Just something I've always wondered—most sound cards have both a line in and a microphone, and I've never been able to tell the difference between anything recorded with them. Lately I've seen cards without the line in, so is there actually a difference? If so, specifically what should they be used for?
Line in will usually be stereo and about 10Kohm impedance.
Mic in is mono and about 600-1Kohm impedance and expecting SIGNIFICANTLY lower levels than the line, as it has a preamp to pick up the very low levels present in a microphone.
Line in is an audio input normally around 150mv line sensitivity and can be used for devices such as tape players,cd players,mp3 players etc.
It cannot be used as a microphone input as you would hardly hear it, a microphone input needs to see an input sensitivity of around -5 mv input,as cd players and mp3 players already have an output of around 100+mVolts the line in input is ideal and normally has flat response sound.
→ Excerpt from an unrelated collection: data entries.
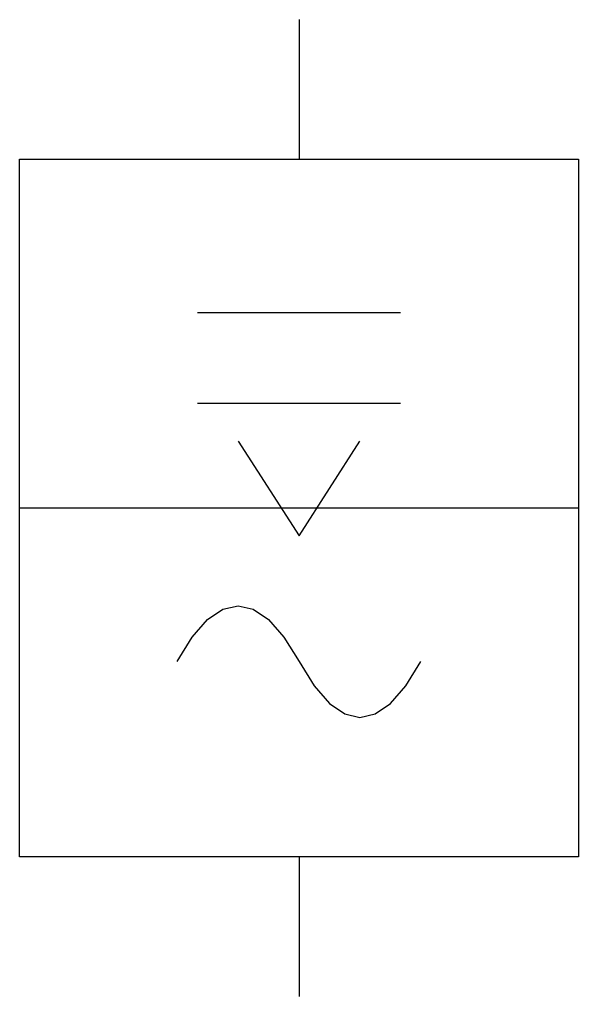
# Model space of a CAD drawing. Header units: millimetres. Extents: x -5 to 5, y -17.5 to 0.
import ezdxf
from ezdxf.enums import TextEntityAlignment as Align

# ---------------------------------------------------------------- set-up
doc = ezdxf.new("R2010")
doc.units = ezdxf.units.MM
doc.layers.get('0').update_dxf_attribs({"linetype": 'CONTINUOUS'})
doc.styles.add('ARIAL', font='arial.ttf')

# ---------------------------------------------------------------- blocks, each defined once
blk = doc.blocks.new('291_E_LV_SLD_IEC60617_inverter')
at = {"true_color": 0x0000ff}
for p, q in [((0, 0), (0, -2.5)), ((-1.818, -5.25), (1.818, -5.25)), ((-1.818, -6.875), (1.818, -6.875)), ((-5, -8.75), (5, -8.75)), ((0, -15), (0, -17.5))]:
    blk.add_line(p, q, dxfattribs=at)
blk.add_lwpolyline([(-5, -2.5), (5, -2.5), (5, -15), (-5, -15)], close=True, dxfattribs=at)
for points in [[(-1.091, -7.55), (0, -9.25), (1.091, -7.55)], [(-2.182, -11.5), (-1.90925, -11.0625), (-1.6365, -10.75), (-1.36375, -10.5625), (-1.091, -10.5), (-0.81825, -10.5625), (-0.5455, -10.75), (-0.27275, -11.0625), (0, -11.5), (0.27275, -11.9375), (0.5455, -12.25), (0.81825, -12.4375), (1.091, -12.5), (1.36375, -12.4375), (1.6365, -12.25), (1.90925, -11.9375), (2.182, -11.5)]]:
    blk.add_lwpolyline(points, dxfattribs=at)
at = {"true_color": 0x0000ff, "style": 'ARIAL'}
blk.add_attdef('TAG', text='', height=2.5, dxfattribs=at).set_placement((-7, -2.2), align=Align.RIGHT)
at = {"color": 7, "style": 'ARIAL'}
for tag, p in [('DC_INPUT', (-7, -9)), ('AC_OUTPUT', (-7, -12)), ('POWER', (-7, -15)), ('MANUFACTURER', (-7, -18))]:
    blk.add_attdef(tag, text='', height=1.7, dxfattribs=at).set_placement(p, align=Align.RIGHT)

msp = doc.modelspace()

# ---------------------------------------------------------------- block references
msp.add_blockref('291_E_LV_SLD_IEC60617_inverter', (0, 0))

doc.saveas('drawing.dxf')
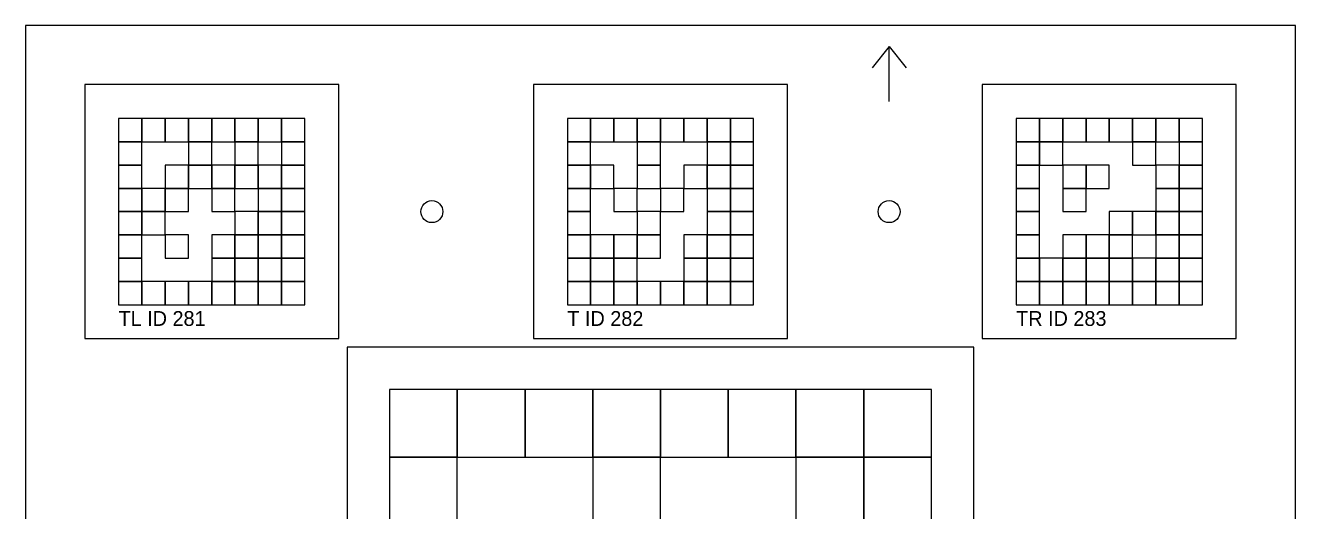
# Model space of a CAD drawing. Extents: x 0 to 1260, y -12 to 1580.
# Drawn here: x 0 to 300, y 1465.1 to 1580 of the extents above; entities that cross this region are included whole.
import ezdxf

# ---------------------------------------------------------------- set-up
doc = ezdxf.new("R2010")
doc.units = 0
for name, color, linetype in [('BLACK_POCKET', 7, 'CONTINUOUS'), ('CUT', 7, 'CONTINUOUS'), ('LABEL', 3, 'CONTINUOUS'), ('MOUNT_HOLE', 6, 'CONTINUOUS'), ('ORIENTATION', 7, 'CONTINUOUS'), ('QUIET_ZONE', 5, 'CONTINUOUS'), ('TAG_BOUNDARY', 8, 'CONTINUOUS')]:
    doc.layers.add(name, color=color, linetype=linetype)

msp = doc.modelspace()

# ---------------------------------------------------------------- linework, layer by layer
at = {"layer": 'BLACK_POCKET'}
for p, q in [((27.5, 1558), (22, 1558)), ((22, 1558), (22, 1552.5)), ((27.5, 1552.5), (27.5, 1558)), ((33, 1558), (27.5, 1558)), ((27.5, 1558), (27.5, 1552.5)), ((33, 1552.5), (33, 1558)), ((38.5, 1558), (33, 1558)), ((33, 1558), (33, 1552.5)), ((38.5, 1552.5), (38.5, 1558)), ((44, 1558), (38.5, 1558)), ((38.5, 1558), (38.5, 1552.5)), ((44, 1552.5), (44, 1558)), ((49.5, 1558), (44, 1558)), ((44, 1558), (44, 1552.5)), ((49.5, 1552.5), (49.5, 1558)), ((55, 1558), (49.5, 1558)), ((49.5, 1558), (49.5, 1552.5)), ((55, 1552.5), (55, 1558)), ((60.5, 1558), (55, 1558)), ((55, 1558), (55, 1552.5)), ((60.5, 1552.5), (60.5, 1558)), ((66, 1558), (60.5, 1558)), ((60.5, 1558), (60.5, 1552.5)), ((66, 1552.5), (66, 1558)), ((133.5, 1558), (128, 1558)), ((128, 1558), (128, 1552.5)), ((133.5, 1552.5), (133.5, 1558)), ((139, 1558), (133.5, 1558)), ((133.5, 1558), (133.5, 1552.5)), ((139, 1552.5), (139, 1558)), ((144.5, 1558), (139, 1558)), ((139, 1558), (139, 1552.5)), ((144.5, 1552.5), (144.5, 1558)), ((150, 1558), (144.5, 1558)), ((144.5, 1558), (144.5, 1552.5)), ((150, 1552.5), (150, 1558)), ((155.5, 1558), (150, 1558)), ((150, 1558), (150, 1552.5)), ((155.5, 1552.5), (155.5, 1558)), ((161, 1558), (155.5, 1558)), ((155.5, 1558), (155.5, 1552.5)), ((161, 1552.5), (161, 1558)), ((166.5, 1558), (161, 1558)), ((161, 1558), (161, 1552.5)), ((166.5, 1552.5), (166.5, 1558)), ((172, 1558), (166.5, 1558)), ((166.5, 1558), (166.5, 1552.5)), ((172, 1552.5), (172, 1558)), ((239.5, 1558), (234, 1558)), ((234, 1558), (234, 1552.5)), ((239.5, 1552.5), (239.5, 1558)), ((245, 1558), (239.5, 1558)), ((239.5, 1558), (239.5, 1552.5)), ((245, 1552.5), (245, 1558)), ((250.5, 1558), (245, 1558)), ((245, 1558), (245, 1552.5)), ((250.5, 1552.5), (250.5, 1558)), ((256, 1558), (250.5, 1558)), ((250.5, 1558), (250.5, 1552.5)), ((256, 1552.5), (256, 1558)), ((261.5, 1558), (256, 1558)), ((256, 1558), (256, 1552.5)), ((261.5, 1552.5), (261.5, 1558)), ((267, 1558), (261.5, 1558)), ((261.5, 1558), (261.5, 1552.5)), ((267, 1552.5), (267, 1558)), ((272.5, 1558), (267, 1558)), ((267, 1558), (267, 1552.5)), ((272.5, 1552.5), (272.5, 1558)), ((278, 1558), (272.5, 1558)), ((272.5, 1558), (272.5, 1552.5)), ((278, 1552.5), (278, 1558)), ((22, 1552.5), (27.5, 1552.5)), ((27.5, 1552.5), (22, 1552.5)), ((22, 1552.5), (22, 1547)), ((27.5, 1552.5), (33, 1552.5)), ((27.5, 1547), (27.5, 1552.5)), ((33, 1552.5), (38.5, 1552.5)), ((38.5, 1552.5), (44, 1552.5)), ((44, 1552.5), (38.5, 1552.5)), ((38.5, 1552.5), (38.5, 1547)), ((44, 1552.5), (49.5, 1552.5)), ((44, 1547), (44, 1552.5)), ((49.5, 1552.5), (55, 1552.5)), ((55, 1552.5), (49.5, 1552.5)), ((49.5, 1552.5), (49.5, 1547)), ((55, 1552.5), (60.5, 1552.5)), ((55, 1547), (55, 1552.5)), ((60.5, 1552.5), (66, 1552.5)), ((66, 1552.5), (60.5, 1552.5)), ((60.5, 1552.5), (60.5, 1547)), ((66, 1547), (66, 1552.5)), ((128, 1552.5), (133.5, 1552.5)), ((133.5, 1552.5), (128, 1552.5)), ((128, 1552.5), (128, 1547)), ((133.5, 1552.5), (139, 1552.5)), ((133.5, 1547), (133.5, 1552.5)), ((139, 1552.5), (144.5, 1552.5)), ((144.5, 1552.5), (150, 1552.5)), ((150, 1552.5), (144.5, 1552.5)), ((144.5, 1552.5), (144.5, 1547)), ((150, 1552.5), (155.5, 1552.5)), ((150, 1547), (150, 1552.5)), ((155.5, 1552.5), (161, 1552.5)), ((161, 1552.5), (166.5, 1552.5)), ((166.5, 1552.5), (161, 1552.5)), ((161, 1552.5), (161, 1547)), ((166.5, 1552.5), (172, 1552.5)), ((166.5, 1547), (166.5, 1552.5)), ((172, 1552.5), (166.5, 1552.5)), ((166.5, 1552.5), (166.5, 1547)), ((172, 1547), (172, 1552.5)), ((234, 1552.5), (239.5, 1552.5)), ((239.5, 1552.5), (234, 1552.5)), ((234, 1552.5), (234, 1547)), ((239.5, 1552.5), (245, 1552.5)), ((239.5, 1547), (239.5, 1552.5)), ((245, 1552.5), (239.5, 1552.5)), ((239.5, 1552.5), (239.5, 1547)), ((245, 1552.5), (250.5, 1552.5)), ((245, 1547), (245, 1552.5)), ((250.5, 1552.5), (256, 1552.5)), ((256, 1552.5), (261.5, 1552.5)), ((261.5, 1552.5), (267, 1552.5)), ((267, 1552.5), (261.5, 1552.5)), ((261.5, 1552.5), (261.5, 1547)), ((267, 1552.5), (272.5, 1552.5)), ((267, 1547), (267, 1552.5)), ((272.5, 1552.5), (278, 1552.5)), ((278, 1552.5), (272.5, 1552.5)), ((272.5, 1552.5), (272.5, 1547)), ((278, 1547), (278, 1552.5)), ((22, 1547), (27.5, 1547)), ((27.5, 1547), (22, 1547)), ((22, 1547), (22, 1541.5)), ((27.5, 1541.5), (27.5, 1547)), ((38.5, 1547), (33, 1547)), ((33, 1547), (33, 1541.5)), ((38.5, 1547), (44, 1547)), ((38.5, 1541.5), (38.5, 1547)), ((44, 1547), (38.5, 1547)), ((38.5, 1547), (38.5, 1541.5)), ((44, 1541.5), (44, 1547)), ((49.5, 1547), (44, 1547)), ((44, 1547), (44, 1541.5)), ((49.5, 1547), (55, 1547)), ((49.5, 1541.5), (49.5, 1547)), ((55, 1547), (49.5, 1547)), ((49.5, 1547), (49.5, 1541.5)), ((55, 1541.5), (55, 1547)), ((60.5, 1547), (55, 1547)), ((55, 1547), (55, 1541.5)), ((60.5, 1547), (66, 1547)), ((60.5, 1541.5), (60.5, 1547)), ((66, 1547), (60.5, 1547)), ((60.5, 1547), (60.5, 1541.5)), ((66, 1541.5), (66, 1547)), ((128, 1547), (133.5, 1547)), ((133.5, 1547), (128, 1547)), ((128, 1547), (128, 1541.5)), ((133.5, 1541.5), (133.5, 1547)), ((139, 1547), (133.5, 1547)), ((133.5, 1547), (133.5, 1541.5)), ((139, 1541.5), (139, 1547)), ((144.5, 1547), (150, 1547)), ((150, 1547), (144.5, 1547)), ((144.5, 1547), (144.5, 1541.5)), ((150, 1541.5), (150, 1547)), ((161, 1547), (155.5, 1547)), ((155.5, 1547), (155.5, 1541.5)), ((161, 1547), (166.5, 1547)), ((161, 1541.5), (161, 1547)), ((166.5, 1547), (161, 1547)), ((161, 1547), (161, 1541.5)), ((166.5, 1547), (172, 1547)), ((166.5, 1541.5), (166.5, 1547)), ((172, 1547), (166.5, 1547)), ((166.5, 1547), (166.5, 1541.5)), ((172, 1541.5), (172, 1547)), ((234, 1547), (239.5, 1547)), ((239.5, 1547), (234, 1547)), ((234, 1547), (234, 1541.5)), ((239.5, 1547), (245, 1547)), ((239.5, 1541.5), (239.5, 1547)), ((250.5, 1547), (245, 1547)), ((245, 1547), (245, 1541.5)), ((250.5, 1541.5), (250.5, 1547)), ((256, 1547), (250.5, 1547)), ((250.5, 1547), (250.5, 1541.5)), ((256, 1541.5), (256, 1547)), ((261.5, 1547), (267, 1547)), ((272.5, 1547), (267, 1547)), ((267, 1547), (267, 1541.5)), ((272.5, 1547), (278, 1547)), ((272.5, 1541.5), (272.5, 1547)), ((278, 1547), (272.5, 1547)), ((272.5, 1547), (272.5, 1541.5)), ((278, 1541.5), (278, 1547)), ((22, 1541.5), (27.5, 1541.5)), ((27.5, 1541.5), (22, 1541.5)), ((22, 1541.5), (22, 1536)), ((27.5, 1536), (27.5, 1541.5)), ((33, 1541.5), (27.5, 1541.5)), ((27.5, 1541.5), (27.5, 1536)), ((33, 1541.5), (38.5, 1541.5)), ((33, 1536), (33, 1541.5)), ((38.5, 1541.5), (33, 1541.5)), ((33, 1541.5), (33, 1536)), ((38.5, 1541.5), (44, 1541.5)), ((38.5, 1536), (38.5, 1541.5)), ((44, 1541.5), (49.5, 1541.5)), ((49.5, 1541.5), (44, 1541.5)), ((44, 1541.5), (44, 1536)), ((49.5, 1541.5), (55, 1541.5)), ((49.5, 1536), (49.5, 1541.5)), ((55, 1541.5), (60.5, 1541.5)), ((60.5, 1541.5), (55, 1541.5)), ((55, 1541.5), (55, 1536)), ((60.5, 1541.5), (66, 1541.5)), ((60.5, 1536), (60.5, 1541.5)), ((66, 1541.5), (60.5, 1541.5)), ((60.5, 1541.5), (60.5, 1536)), ((66, 1536), (66, 1541.5)), ((128, 1541.5), (133.5, 1541.5)), ((133.5, 1541.5), (128, 1541.5)), ((128, 1541.5), (128, 1536)), ((133.5, 1541.5), (139, 1541.5)), ((133.5, 1536), (133.5, 1541.5)), ((144.5, 1541.5), (139, 1541.5)), ((139, 1541.5), (139, 1536)), ((144.5, 1541.5), (150, 1541.5)), ((144.5, 1536), (144.5, 1541.5)), ((155.5, 1541.5), (150, 1541.5)), ((150, 1541.5), (150, 1536)), ((155.5, 1541.5), (161, 1541.5)), ((155.5, 1536), (155.5, 1541.5)), ((161, 1541.5), (166.5, 1541.5)), ((166.5, 1541.5), (161, 1541.5)), ((161, 1541.5), (161, 1536)), ((166.5, 1541.5), (172, 1541.5)), ((166.5, 1536), (166.5, 1541.5)), ((172, 1541.5), (166.5, 1541.5)), ((166.5, 1541.5), (166.5, 1536)), ((172, 1536), (172, 1541.5)), ((234, 1541.5), (239.5, 1541.5)), ((239.5, 1541.5), (234, 1541.5)), ((234, 1541.5), (234, 1536)), ((239.5, 1536), (239.5, 1541.5)), ((245, 1541.5), (250.5, 1541.5)), ((250.5, 1541.5), (245, 1541.5)), ((245, 1541.5), (245, 1536)), ((250.5, 1541.5), (256, 1541.5)), ((250.5, 1536), (250.5, 1541.5)), ((267, 1541.5), (272.5, 1541.5)), ((272.5, 1541.5), (267, 1541.5)), ((267, 1541.5), (267, 1536)), ((272.5, 1541.5), (278, 1541.5)), ((272.5, 1536), (272.5, 1541.5)), ((278, 1541.5), (272.5, 1541.5)), ((272.5, 1541.5), (272.5, 1536)), ((278, 1536), (278, 1541.5)), ((22, 1536), (27.5, 1536)), ((27.5, 1536), (22, 1536)), ((22, 1536), (22, 1530.5)), ((27.5, 1536), (33, 1536)), ((27.5, 1530.5), (27.5, 1536)), ((33, 1536), (27.5, 1536)), ((27.5, 1536), (27.5, 1530.5)), ((33, 1536), (38.5, 1536)), ((33, 1530.5), (33, 1536)), ((44, 1536), (49.5, 1536)), ((55, 1536), (49.5, 1536)), ((49.5, 1536), (49.5, 1530.5)), ((55, 1536), (60.5, 1536)), ((55, 1530.5), (55, 1536)), ((60.5, 1536), (55, 1536)), ((55, 1536), (55, 1530.5)), ((60.5, 1536), (66, 1536)), ((60.5, 1530.5), (60.5, 1536)), ((66, 1536), (60.5, 1536)), ((60.5, 1536), (60.5, 1530.5)), ((66, 1530.5), (66, 1536)), ((128, 1536), (133.5, 1536)), ((133.5, 1536), (128, 1536)), ((128, 1536), (128, 1530.5)), ((133.5, 1530.5), (133.5, 1536)), ((139, 1536), (144.5, 1536)), ((150, 1536), (144.5, 1536)), ((144.5, 1536), (144.5, 1530.5)), ((150, 1536), (155.5, 1536)), ((150, 1530.5), (150, 1536)), ((161, 1536), (166.5, 1536)), ((166.5, 1536), (161, 1536)), ((161, 1536), (161, 1530.5)), ((166.5, 1536), (172, 1536)), ((166.5, 1530.5), (166.5, 1536)), ((172, 1536), (166.5, 1536)), ((166.5, 1536), (166.5, 1530.5)), ((172, 1530.5), (172, 1536)), ((234, 1536), (239.5, 1536)), ((239.5, 1536), (234, 1536)), ((234, 1536), (234, 1530.5)), ((239.5, 1530.5), (239.5, 1536)), ((245, 1536), (250.5, 1536)), ((261.5, 1536), (256, 1536)), ((256, 1536), (256, 1530.5)), ((261.5, 1530.5), (261.5, 1536)), ((267, 1536), (261.5, 1536)), ((261.5, 1536), (261.5, 1530.5)), ((267, 1536), (272.5, 1536)), ((267, 1530.5), (267, 1536)), ((272.5, 1536), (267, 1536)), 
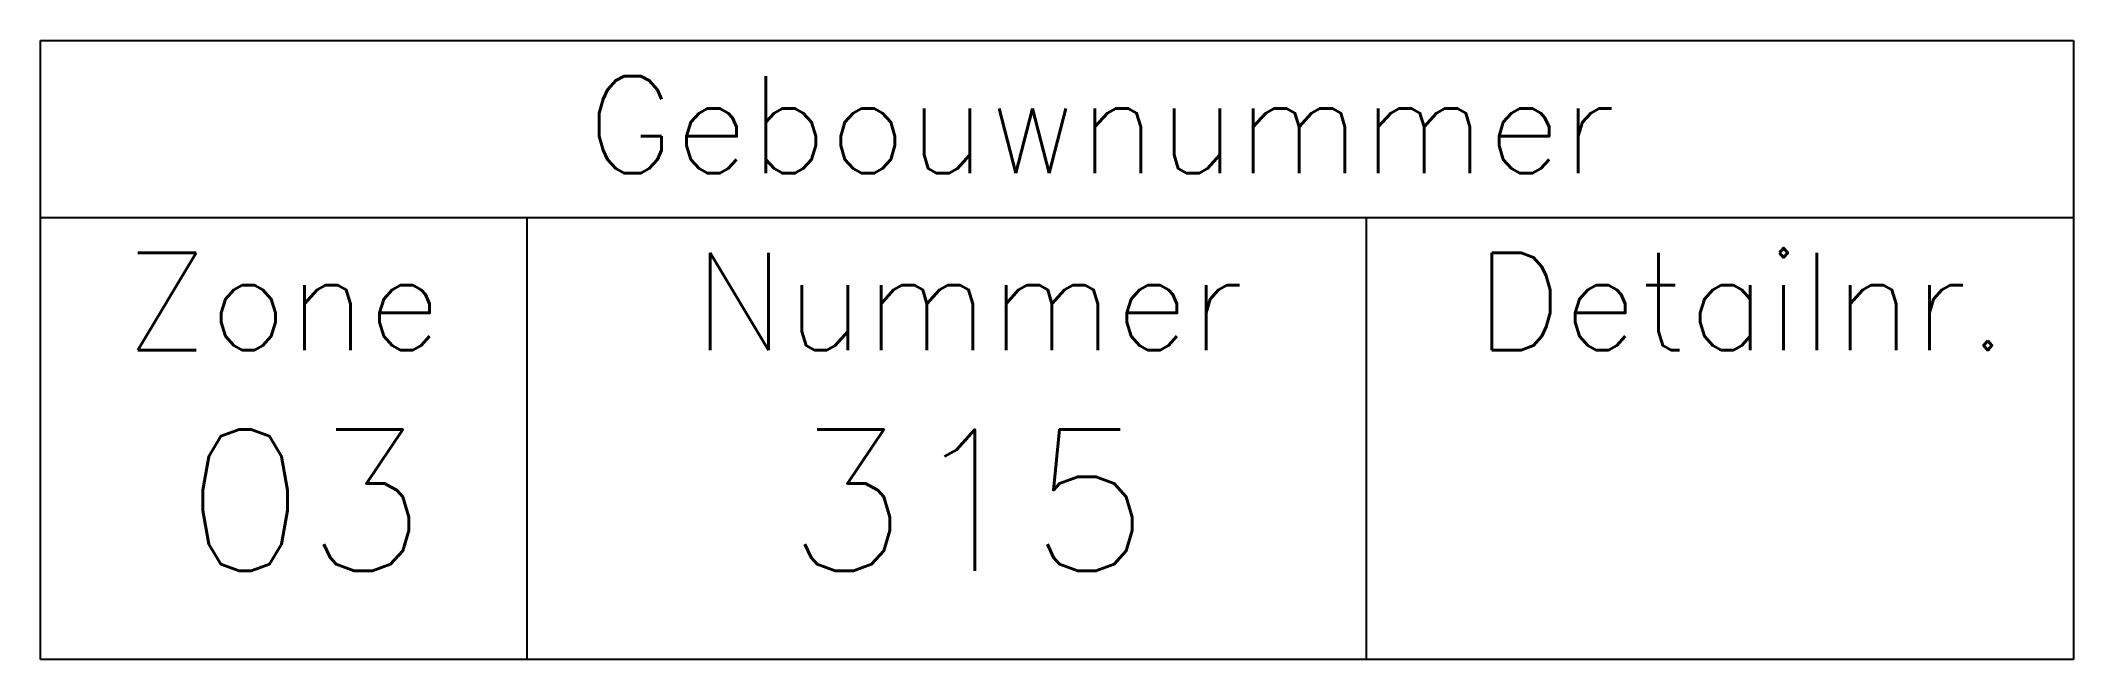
# Model space of a CAD drawing. Extents: x 349 to 395, y 148 to 162.
import ezdxf
from ezdxf.enums import TextEntityAlignment as Align

# ---------------------------------------------------------------- set-up
doc = ezdxf.new("R2010")
doc.units = 0
doc.header["$MEASUREMENT"] = 0
for name, color, linetype in [('10', 8, 'CONTINUOUS'), ('12', 30, 'CONTINUOUS'), ('2', 62, 'CONTINUOUS')]:
    doc.layers.add(name, color=color, linetype=linetype)
doc.styles.add('ROMANS', font='ROMANS.shx')

# ---------------------------------------------------------------- blocks, each defined once
blk = doc.blocks.new('att_text', base_point=(20, 270))

msp = doc.modelspace()

# ---------------------------------------------------------------- linework, layer by layer
at = {"layer": '2'}
for p, q in [((349, 162), (395, 162)), ((349, 148), (349, 162)), ((395, 162), (395, 148)), ((349, 158), (395, 158)), ((360, 158), (360, 148)), ((379, 158), (379, 148)), ((395, 148), (349, 148))]:
    msp.add_line(p, q, dxfattribs=at)

# ---------------------------------------------------------------- block references
at = {"layer": '10'}
ref = msp.add_blockref('att_text', (373, 159), dxfattribs=at)
ref.add_attrib('TEXT', 'Gebouwnummer', dxfattribs={"height": 2.2, "style": 'ROMANS'}).set_placement((373, 159), align=Align.CENTER)
ref = msp.add_blockref('att_text', (354.5, 155), dxfattribs=at)
ref.add_attrib('TEXT', 'Zone', dxfattribs={"height": 2.2, "style": 'ROMANS'}).set_placement((354.5, 155), align=Align.CENTER)
ref = msp.add_blockref('att_text', (370, 155), dxfattribs=at)
ref.add_attrib('TEXT', 'Nummer', dxfattribs={"height": 2.2, "style": 'ROMANS'}).set_placement((370, 155), align=Align.CENTER)
ref = msp.add_blockref('att_text', (387.5, 155), dxfattribs=at)
ref.add_attrib('TEXT', 'Detailnr.', dxfattribs={"height": 2.2, "style": 'ROMANS'}).set_placement((387.5, 155), align=Align.CENTER)
at = {"layer": '12'}
ref = msp.add_blockref('att_text', (355, 150), dxfattribs=at)
ref.add_attrib('TEXT', '03', dxfattribs={"height": 3.2, "style": 'ROMANS'}).set_placement((355, 150), align=Align.CENTER)
ref = msp.add_blockref('att_text', (370, 150), dxfattribs=at)
ref.add_attrib('TEXT', '315', dxfattribs={"height": 3.2, "style": 'ROMANS'}).set_placement((370, 150), align=Align.CENTER)

doc.saveas('drawing.dxf')

Other inputs such as a record player/turntable input has a tailored frequency response to suit record / vinyl only, although it's input sensitivity is similar to the microphone input of around 5mVolts, if a microphone were to be plugged into this input,it would work and you would hear it BUT the frequency(i.e. Bass,mid and treble) wouldn't be a flat response and would sound wrong.
Hope all this info helps somebody
If you have a mic plugged in, and some other input in Line In, your computer's operating system will (or should) use the mic when you're using Skype or something. That way you don't have to do any configuration to have the mic work properly.
On good cards, the mic line will have lower impedance and should be mono. If you try to use it for something else the sound will be distorted.